On Sunday, following almost three weeks of closure, all archaeological sites in Egypt reopened to the public. These sites include all the pharaonic, Coptic and Islamic sites in Cairo, Luxor and other parts of Upper Egypt. Within four hours of the reopening of the Memphis necropolis -- which includes the Giza plateau, Saqqara, Mit Rahina and Abu Rawash -- Zahi Hawass, minister of state for antiquities affairs, announced that a few groups of foreign tourists, each numbering from 20 to 50, had already visited these sites, as well as Egyptians.
Ali El-Asfar, head of the Giza plateau monuments, said that over the past week the number of daily visitors to the plateau had increased to 800. Last Sunday a group of young people held a peaceful rally on the plateau calling for international tourism to return to normal.
In Luxor, local supervisor of antiquities Mansour Borak said 93 tourists visited Karnak Temples on the first day of reopening. In the coming days two British groups totalling 200 people are scheduled to visit, as well as Italians and Germans. Borak told Al-Ahram Weekly that one British tourist told him he had created a blog called "Back to Luxor" in an attempt to encourage tourists to visit Egypt, especially Luxor which he adored. So far, the tourist said, the blog had attracted 10,000 hits from Europe.
However, Mohamed Abdel-Fattah, head of the Museums Department at the ministry, reported that only six museums had reopened and others would not do so until after security measures had been addressed. Those that have reopened are the Egyptian, Islamic and Coptic museums in Cairo; Luxor Museum; the Mummification Museum in Luxor and the Nubia Museum in Aswan.

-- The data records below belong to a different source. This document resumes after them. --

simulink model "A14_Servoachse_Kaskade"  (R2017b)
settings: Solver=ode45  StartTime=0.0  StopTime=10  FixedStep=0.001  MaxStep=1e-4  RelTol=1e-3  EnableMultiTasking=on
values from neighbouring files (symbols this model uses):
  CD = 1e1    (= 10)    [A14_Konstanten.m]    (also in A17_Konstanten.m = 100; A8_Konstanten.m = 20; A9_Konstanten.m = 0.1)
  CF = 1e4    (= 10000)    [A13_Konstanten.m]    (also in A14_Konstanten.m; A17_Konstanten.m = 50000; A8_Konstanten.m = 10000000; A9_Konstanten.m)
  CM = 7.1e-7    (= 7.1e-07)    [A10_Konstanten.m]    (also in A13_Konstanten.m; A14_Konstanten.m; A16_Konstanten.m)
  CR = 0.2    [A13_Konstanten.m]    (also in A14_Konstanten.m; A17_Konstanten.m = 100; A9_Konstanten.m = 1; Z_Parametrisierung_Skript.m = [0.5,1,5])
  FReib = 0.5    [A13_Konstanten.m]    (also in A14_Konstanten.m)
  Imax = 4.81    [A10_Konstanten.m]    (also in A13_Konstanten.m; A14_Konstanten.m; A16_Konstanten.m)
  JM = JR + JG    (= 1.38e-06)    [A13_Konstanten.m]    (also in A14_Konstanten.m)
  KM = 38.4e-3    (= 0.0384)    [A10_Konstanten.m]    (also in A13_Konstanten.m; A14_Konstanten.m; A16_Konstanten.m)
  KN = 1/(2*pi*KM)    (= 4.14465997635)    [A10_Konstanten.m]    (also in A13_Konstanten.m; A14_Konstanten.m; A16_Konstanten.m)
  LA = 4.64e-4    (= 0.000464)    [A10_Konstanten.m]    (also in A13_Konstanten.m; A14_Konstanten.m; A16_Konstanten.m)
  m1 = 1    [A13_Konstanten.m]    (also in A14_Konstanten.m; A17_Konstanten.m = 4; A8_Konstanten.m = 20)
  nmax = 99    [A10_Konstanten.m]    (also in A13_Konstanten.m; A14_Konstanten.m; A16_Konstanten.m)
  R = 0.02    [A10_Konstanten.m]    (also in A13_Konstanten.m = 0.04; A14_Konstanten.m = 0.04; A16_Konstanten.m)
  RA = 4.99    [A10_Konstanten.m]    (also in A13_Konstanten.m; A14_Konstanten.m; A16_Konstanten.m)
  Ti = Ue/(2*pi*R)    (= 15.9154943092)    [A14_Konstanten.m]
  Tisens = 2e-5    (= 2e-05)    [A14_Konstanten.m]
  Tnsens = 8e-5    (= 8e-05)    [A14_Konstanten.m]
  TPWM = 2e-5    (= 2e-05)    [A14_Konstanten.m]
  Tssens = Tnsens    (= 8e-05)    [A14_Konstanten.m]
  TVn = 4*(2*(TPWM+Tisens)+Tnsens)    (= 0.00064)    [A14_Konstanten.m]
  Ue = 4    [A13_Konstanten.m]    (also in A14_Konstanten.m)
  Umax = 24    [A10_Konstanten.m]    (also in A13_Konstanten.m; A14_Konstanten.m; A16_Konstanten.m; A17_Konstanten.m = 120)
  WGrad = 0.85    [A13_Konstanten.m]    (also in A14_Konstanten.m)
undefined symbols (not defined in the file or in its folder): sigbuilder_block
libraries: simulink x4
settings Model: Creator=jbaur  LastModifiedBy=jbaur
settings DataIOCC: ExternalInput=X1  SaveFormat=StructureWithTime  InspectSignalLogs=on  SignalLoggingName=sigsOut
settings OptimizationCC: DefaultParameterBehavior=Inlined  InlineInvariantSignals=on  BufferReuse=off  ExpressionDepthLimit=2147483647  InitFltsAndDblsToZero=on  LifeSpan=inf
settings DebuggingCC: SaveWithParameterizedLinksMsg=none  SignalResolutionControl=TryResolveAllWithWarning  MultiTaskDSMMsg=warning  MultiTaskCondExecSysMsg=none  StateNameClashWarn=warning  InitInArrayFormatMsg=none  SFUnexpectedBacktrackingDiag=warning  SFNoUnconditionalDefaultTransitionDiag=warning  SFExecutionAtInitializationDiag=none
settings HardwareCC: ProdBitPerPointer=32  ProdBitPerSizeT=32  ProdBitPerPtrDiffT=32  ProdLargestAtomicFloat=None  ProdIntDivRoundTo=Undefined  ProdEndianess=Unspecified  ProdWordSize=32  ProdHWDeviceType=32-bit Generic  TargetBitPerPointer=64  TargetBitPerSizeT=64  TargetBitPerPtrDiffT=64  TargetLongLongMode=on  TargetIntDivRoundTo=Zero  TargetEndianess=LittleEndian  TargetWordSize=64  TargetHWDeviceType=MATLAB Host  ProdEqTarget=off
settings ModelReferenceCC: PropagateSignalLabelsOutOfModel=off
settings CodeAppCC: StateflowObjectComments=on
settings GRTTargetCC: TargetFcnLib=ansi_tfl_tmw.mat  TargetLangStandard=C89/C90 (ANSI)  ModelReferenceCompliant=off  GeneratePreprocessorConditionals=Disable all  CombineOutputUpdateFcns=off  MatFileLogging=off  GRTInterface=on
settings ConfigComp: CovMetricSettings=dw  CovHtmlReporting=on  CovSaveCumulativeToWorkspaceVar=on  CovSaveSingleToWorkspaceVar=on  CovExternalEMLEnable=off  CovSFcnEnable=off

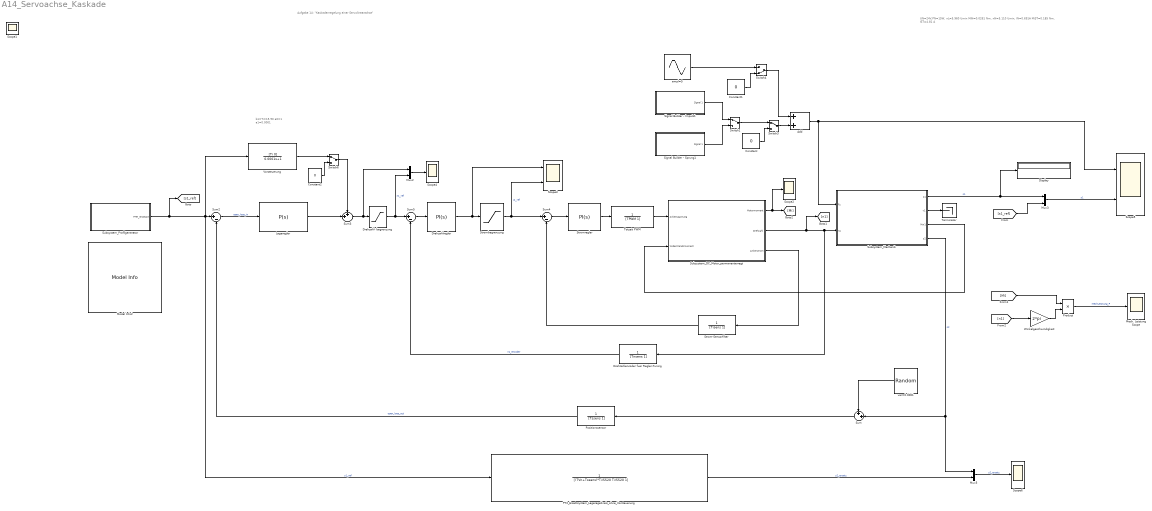
== system A14_Servoachse_Kaskade ==
  note: b1=Ti=15.90
      | a0=1
      | a1=0.0001
  note: Aufgabe 14: "Kaskadenregelung einer Servolinearachse"
  note: UN=24V,PN=15W, nL=5.960 Umin
      | MiN=0.0261 Nm, nN=5.110 Umin, IN=0.691A
      | MiST=0.185 Nm, IST=4.81 A
  Add : Sum
  Constant : Constant  Value=0
  Constant1 : Constant  Value=0
  Constant2 : Constant  Value=0
  Display : Display
  Drehzahl- begrenzung : Saturate  UpperLimit=nmax  LowerLimit=-nmax
  Drehzahlencoder fuer Regler-Tuning : TransferFcn  Denominator=[Tnsens 1]
  Drehzahlregler : simulink/Continuous/PID Controller  Controller=PI  TimeDomain=Continuous-time  SampleTime=-1  IntegratorMethod=Forward Euler  FilterMethod=Forward Euler  Form=Ideal  UseFilter=on  ControllerParametersSource=internal  P=1  I=1  D=0  N=1000  InitialConditionSource=internal  InitialConditionForIntegrator=0  InitialConditionForFilter=0  ExternalReset=none  LimitOutput=on  UpperSaturationLimit=Imax  LowerSaturationLimit=-Imax  LinearizeAsGain=off  AntiWindupMode=clamping  Kb=1  TrackingMode=off  Kt=1  PParamMin=[]  PParamMax=[]  IParamMin=[]  IParamMax=[]  DParamMin=[]  DParamMax=[]  NParamMin=[]  NParamMax=[]  KbParamMin=[]  KbParamMax=[]  KtParamMin=[]  KtParamMax=[]  POutMin=[]  POutMax=[]  IOutMin=[]  IOutMax=[]  DOutMin=[]  DOutMax=[]  NOutMin=[]  NOutMax=[]  KbOutMin=[]  KbOutMax=[]  KtOutMin=[]  KtOutMax=[]  IntegratorOutMin=[]  IntegratorOutMax=[]  FilterOutMin=[]  FilterOutMax=[]  SumOutMin=[]  SumOutMax=[]  SumI1OutMin=[]  SumI1OutMax=[]  SumI2OutMin=[]  SumI2OutMax=[]  SumI3OutMin=[]  SumI3OutMax=[]  SumDOutMin=[]  SumDOutMax=[]  SaturationOutMin=[]  SaturationOutMax=[]  IntegratorContinuousStateAttributes=''  IntegratorStateMustResolveToSignalObject=off  IntegratorRTWStateStorageClass=Auto  FilterContinuousStateAttributes=''  FilterStateMustResolveToSignalObject=off  FilterRTWStateStorageClass=Auto  DifferentiatorICPrevScaledInput=0  DifferentiatorOutMin=[]  DifferentiatorOutMax=[]  InitialConditionSetting=State (most efficient)  FilterDiffOutCoefMin=[]  FilterDiffOutCoefMax=[]  SumDenOutMin=[]  SumDenOutMax=[]  SumNumOutMin=[]  SumNumOutMax=[]  ReciprocalOutMin=[]  ReciprocalOutMax=[]  DivideOutMin=[]  DivideOutMax=[]  TunerSelectOption=Transfer Function Based (PID Tuner App)
  Lageregler : simulink/Continuous/PID Controller  Controller=P  TimeDomain=Continuous-time  SampleTime=-1  IntegratorMethod=Forward Euler  FilterMethod=Forward Euler  Form=Ideal  UseFilter=on  ControllerParametersSource=internal  P=1  I=2096.01243911413  D=0  N=100  InitialConditionSource=internal  InitialConditionForIntegrator=0  InitialConditionForFilter=0  ExternalReset=none  LimitOutput=off  UpperSaturationLimit=nmax  LowerSaturationLimit=-nmax  LinearizeAsGain=off  AntiWindupMode=none  Kb=1  TrackingMode=off  Kt=1  PParamMin=[]  PParamMax=[]  IParamMin=[]  IParamMax=[]  DParamMin=[]  DParamMax=[]  NParamMin=[]  NParamMax=[]  KbParamMin=[]  KbParamMax=[]  KtParamMin=[]  KtParamMax=[]  POutMin=[]  POutMax=[]  IOutMin=[]  IOutMax=[]  DOutMin=[]  DOutMax=[]  NOutMin=[]  NOutMax=[]  KbOutMin=[]  KbOutMax=[]  KtOutMin=[]  KtOutMax=[]  IntegratorOutMin=[]  IntegratorOutMax=[]  FilterOutMin=[]  FilterOutMax=[]  SumOutMin=[]  SumOutMax=[]  SumI1OutMin=[]  SumI1OutMax=[]  SumI2OutMin=[]  SumI2OutMax=[]  SumI3OutMin=[]  SumI3OutMax=[]  SumDOutMin=[]  SumDOutMax=[]  SaturationOutMin=[]  SaturationOutMax=[]  IntegratorContinuousStateAttributes=''  IntegratorStateMustResolveToSignalObject=off  IntegratorRTWStateStorageClass=Auto  FilterContinuousStateAttributes=''  FilterStateMustResolveToSignalObject=off  FilterRTWStateStorageClass=Auto  DifferentiatorICPrevScaledInput=0  DifferentiatorOutMin=[]  DifferentiatorOutMax=[]  InitialConditionSetting=State (most efficient)  FilterDiffOutCoefMin=[]  FilterDiffOutCoefMax=[]  SumDenOutMin=[]  SumDenOutMax=[]  SumNumOutMin=[]  SumNumOutMax=[]  ReciprocalOutMin=[]  ReciprocalOutMax=[]  DivideOutMin=[]  DivideOutMax=[]  TunerSelectOption=Transfer Function Based (PID Tuner App)
  Mech. Leistung Scope : Scope
  Model Info2 : simulink/Model-Wide Utilities/Model Info  Frame=on  DisplayStringWithTags=|  HorizontalTextAlignment=Left  LeftAlignmentValue=0.02
      | Bewegungsprofil:
      | ------------------------
      | Tmax = 1s
      | smax = 0,5m
      | vmax = 1 m/s
      | amax = 2 m/s^2
  Mux2 : Mux  Inputs=2
  Mux3 : Mux  Inputs=2
  Mux5 : Mux  Inputs=2
  PT2_Ersatzsystem_Lageregelkreis_ohne_Vorsteuerung : TransferFcn  Denominator=[(TVn+Tssens)*Ti/5520 Ti/5520 1]
  "Positionssensor " : TransferFcn  Denominator=[Tssens 1]
  Product : Product  RndMeth=Zero
  Scope{1..2,4,6} (4 alike) : Scope
  Scope3 : Scope  NumInputPorts=2
  Scope5 : Scope  NumInputPorts=2
  Signal Builder - Impuls1 : Subsystem  Tag=STV Subsys  LoadFcn=sigbuilder_block('load');  StartFcn=sigbuilder_block('start');  StopFcn=sigbuilder_block('stop');  ClipboardFcn=sigbuilder_block('clipboard');  mask(Sigbuilder block){tuvar=[0:10]}
      mask help: Simulink:masks:SigbuilderBlock_MD
      mask init:
      | if ~strcmp(get_param(bdroot(gcbh),'SimulationStatus'),'stopped') tuvar = sigbuilder_block('maskInit'); end
      settings: CopyFcn=sigbuilder_block('copy');  DeleteFcn=sigbuilder_block('delete');  ModelCloseFcn=sigbuilder_block('modelClose');  PreSaveFcn=sigbuilder_block('preSave');  PauseFcn=sigbuilder_block('pause');  ContinueFcn=sigbuilder_block('continue');  NameChangeFcn=sigbuilder_block('namechange');  OpenFcn=sigbuilder_block('open',[431.25 106.5 550.5 399.75 ]);  CloseFcn=sigbuilder_block('close');
      mask Display: plot(0, 0, 100, 100,[2, 2, 32, 32, 2], [68, 8, 8, 68, 68],[32, 2], [38, 38], [32, 19, 2],[53, 60, 44], [32, 17, 17, 2],[16, 16, 31, 31]);txt = getActiveGroup(gcbh);text(2, 100, txt,'verticalAlignment', 'top');
  Signal Builder - Sprung1 : Subsystem  Tag=STV Subsys  LoadFcn=sigbuilder_block('load');  StartFcn=sigbuilder_block('start');  StopFcn=sigbuilder_block('stop');  ClipboardFcn=sigbuilder_block('clipboard');  mask(Sigbuilder block){tuvar=[0:10]}
      mask help: Simulink:masks:SigbuilderBlock_MD
      mask init:
      | if ~strcmp(get_param(bdroot(gcbh),'SimulationStatus'),'stopped') tuvar = sigbuilder_block('maskInit'); end
      settings: CopyFcn=sigbuilder_block('copy');  DeleteFcn=sigbuilder_block('delete');  ModelCloseFcn=sigbuilder_block('modelClose');  PreSaveFcn=sigbuilder_block('preSave');  PauseFcn=sigbuilder_block('pause');  ContinueFcn=sigbuilder_block('continue');  NameChangeFcn=sigbuilder_block('namechange');  OpenFcn=sigbuilder_block('open',[1699.5 180.75 550.5 399.75 ]);  CloseFcn=sigbuilder_block('close');
      mask Display: plot(0, 0, 100, 100,[2, 2, 32, 32, 2], [68, 8, 8, 68, 68],[32, 2], [38, 38], [32, 19, 2],[53, 60, 44], [32, 17, 17, 2],[16, 16, 31, 31]);txt = getActiveGroup(gcbh);text(2, 100, txt,'verticalAlignment', 'top');
  Strom-Sensorfilter : TransferFcn  Denominator=[Tisens 1]
  Strombegrenzung : Saturate  UpperLimit=Imax  LowerLimit=-Imax
  Stromregler : simulink/Continuous/PID Controller  Controller=PI  TimeDomain=Continuous-time  SampleTime=-1  IntegratorMethod=Forward Euler  FilterMethod=Forward Euler  Form=Ideal  UseFilter=on  ControllerParametersSource=internal  P=1  I=1  D=-0.00136816077946148  N=3731.68343054543  InitialConditionSource=internal  InitialConditionForIntegrator=0  InitialConditionForFilter=0  ExternalReset=none  LimitOutput=off  UpperSaturationLimit=Umax  LowerSaturationLimit=-Umax  LinearizeAsGain=on  AntiWindupMode=clamping  Kb=1  TrackingMode=off  Kt=1  PParamMin=[]  PParamMax=[]  IParamMin=[]  IParamMax=[]  DParamMin=[]  DParamMax=[]  NParamMin=[]  NParamMax=[]  KbParamMin=[]  KbParamMax=[]  KtParamMin=[]  KtParamMax=[]  POutMin=[]  POutMax=[]  IOutMin=[]  IOutMax=[]  DOutMin=[]  DOutMax=[]  NOutMin=[]  NOutMax=[]  KbOutMin=[]  KbOutMax=[]  KtOutMin=[]  KtOutMax=[]  IntegratorOutMin=[]  IntegratorOutMax=[]  FilterOutMin=[]  FilterOutMax=[]  SumOutMin=[]  SumOutMax=[]  SumI1OutMin=[]  SumI1OutMax=[]  SumI2OutMin=[]  SumI2OutMax=[]  SumI3OutMin=[]  SumI3OutMax=[]  SumDOutMin=[]  SumDOutMax=[]  SaturationOutMin=[]  SaturationOutMax=[]  IntegratorContinuousStateAttributes=''  IntegratorStateMustResolveToSignalObject=off  IntegratorRTWStateStorageClass=Auto  FilterContinuousStateAttributes=''  FilterStateMustResolveToSignalObject=off  FilterRTWStateStorageClass=Auto  DifferentiatorICPrevScaledInput=0  DifferentiatorOutMin=[]  DifferentiatorOutMax=[]  InitialConditionSetting=State (most efficient)  FilterDiffOutCoefMin=[]  FilterDiffOutCoefMax=[]  SumDenOutMin=[]  SumDenOutMax=[]  SumNumOutMin=[]  SumNumOutMax=[]  ReciprocalOutMin=[]  ReciprocalOutMax=[]  DivideOutMin=[]  DivideOutMax=[]  TunerSelectOption=Transfer Function Based (PID Tuner App)
  Subsystem_DC_Motor_permanenterregt : Subsystem
  Subsystem_Mechanik : Subsystem
  Subsystem_Profilgenerator : Subsystem
  Sum : Sum  Inputs=++|
  Sum2 : Sum  Inputs=|+-  SaturateOnIntegerOverflow=on
  Sum3 : Sum  Inputs=++|  SaturateOnIntegerOverflow=on
  Sum4 : Sum  Inputs=|+-
  Sum5 : Sum  Inputs=|+-  SaturateOnIntegerOverflow=on
  Switch1 : ManualSwitch
  Switch3 : ManualSwitch
  Switch4 : ManualSwitch  CurrentSetting=0
  Switch6 : ManualSwitch
  Terminator : Terminator
  Totzeit PWM : TransferFcn  Denominator=[TPWM 1]
  Vorsteuerung : TransferFcn  Numerator=[Ti 0]  Denominator=[0.0001 1]
  Winkelgeschwindigkeit : Gain  Gain=2*pi
  ampl=5 : Sin  Amplitude=5  Frequency=2*pi*20  SampleTime=0
  var=0.0001 : RandomNumber  Variance=0  SampleTime=0.001
  wires:
  Sum5/1 -> Drehzahlregler/1
  Sum4/1 -> Stromregler/1
  Stromregler/1 -> Totzeit PWM/1
  Drehzahlregler/1 -> Strombegrenzung/1, Scope3/1
  Strombegrenzung/1 -> Sum4/1, Scope3/2  "iA_ref"
  Sum2/1 -> Lageregler/1  "open_loop_in"
  Subsystem_Profilgenerator/1(FHR_Groesse) -> PT2_Ersatzsystem_Lageregelkreis_ohne_Vorsteuerung/1, Sum2/1, Vorsteuerung/1, [s1_ref]  "s1_ref"
  Lageregler/1 -> Sum3/2
  Sum3/1 -> Mux2/1, Drehzahl- begrenzung/1
  Mux2/1 -> Scope4/1
  Product/1 -> Mech. Leistung Scope/1  "MechLeistung_P"
  [Mi] -> Product/1
  [n1] -> Winkelgeschwindigkeit/1
  Winkelgeschwindigkeit/1 -> Product/2
  Subsystem_Mechanik/2(v1) -> Terminator/1
  Strom-Sensorfilter/1 -> Sum4/2
  Totzeit PWM/1 -> Subsystem_DC_Motor_permanenterregt/1(Ankerspannung)
  Subsystem_Mechanik/1(s1) -> Display/1, Mux3/1  "s1"
  [s1_ref] -> Mux3/2
  Mux3/1 -> Scope5/2  "s1"
  Mux5/1 -> Scope6/1  "s2_ersatz"
  Signal Builder - Impuls1/1(Signal 1) -> Switch1/1
  Signal Builder - Sprung1/1(Signal 1) -> Switch1/2
  Drehzahlencoder fuer Regler-Tuning/1 -> Sum5/2  "n1_encoder"
  var=0.0001/1 -> Sum/1
  Add/1 -> Subsystem_Mechanik/1(Fz), Scope5/1
  Switch3/1 -> Add/2
  Switch1/1 -> Switch3/1
  Constant/1 -> Switch3/2
  Drehzahl- begrenzung/1 -> Sum5/1, Mux2/2  "n1_ref"
  Subsystem_DC_Motor_permanenterregt/2(Drehzahl) -> [n1], Drehzahlencoder fuer Regler-Tuning/1, Subsystem_Mechanik/2(n1)
  PT2_Ersatzsystem_Lageregelkreis_ohne_Vorsteuerung/1 -> Mux5/2  "s2_ersatz"
  "Positionssensor "/1 -> Sum2/2  "open_loop_out"
  Switch4/1 -> Add/1
  Constant1/1 -> Switch4/2
  ampl=5/1 -> Switch4/1
  Switch6/1 -> Sum3/1
  Constant2/1 -> Switch6/2
  Vorsteuerung/1 -> Switch6/1
  Sum/1 -> "Positionssensor "/1
  Subsystem_Mechanik/3(Mw1) -> Subsystem_DC_Motor_permanenterregt/2(Widerstandsmoment)
  Subsystem_Mechanik/4(s2) -> Mux5/1, Sum/2  "s2"
  Subsystem_DC_Motor_permanenterregt/1(Motormoment) -> Scope2/1, [Mi]
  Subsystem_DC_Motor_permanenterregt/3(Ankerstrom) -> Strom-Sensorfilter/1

Awadi said the first tour group to visit the Egyptian Museum when it reopened was from the Netherlands, while others came from Germany, Italy and Japan. Islamic and Coptic monuments in Cairo, which are all open, received several visitors, with 15 tourists visiting the Salaheddin Citadel.
Hawass said antiquities and tourism police and ministry guards were now all back at their posts and ensuring tightened security measures to safeguard archaeological sites in all parts of the country.
Despite the recovery of the Akhenaten statue, other news from the Ministry of State for Antiquities Affairs (MSAA) was less encouraging. Several important antiquities sites were vandalised during the nationwide disturbances. After a preliminary inventory had been drawn up, Sabri Abdel-Aziz, director of the Ancient Egyptian Department at the MSAA, reported that a tomb on the Saqqara necropolis, that of an Old Kingdom hairdresser named Hetepka, had been broken into and that a false door may have been stolen along with objects that had been stored in the tomb. So as to compare the alleged damage with earlier expedition photographs of the tomb, Hawass has assigned an archaeological committee to inspect every inch of the structure. A similar event took place at Abu Sir, where a portion of a false door was stolen from the tomb of the Fourth-Dynasty high priest Rahotep.
Hawass said forced entries had been confirmed at a number of storage magazines, including one near the pyramid of the Sixth- Dynasty king Teti and a storeroom belonging to Cairo University, both at Saqqara. "I have created a committee to prepare reports to determine what, if anything, is missing from these magazines," Hawass said. He added that military authorities had caught thieves attempting to loot the site of Tel Al-Basta in the Nile Delta as well as other criminals who were trying to loot a tomb in Lisht. There have also been reports of houses being built over archaeological sites and of illegal digging.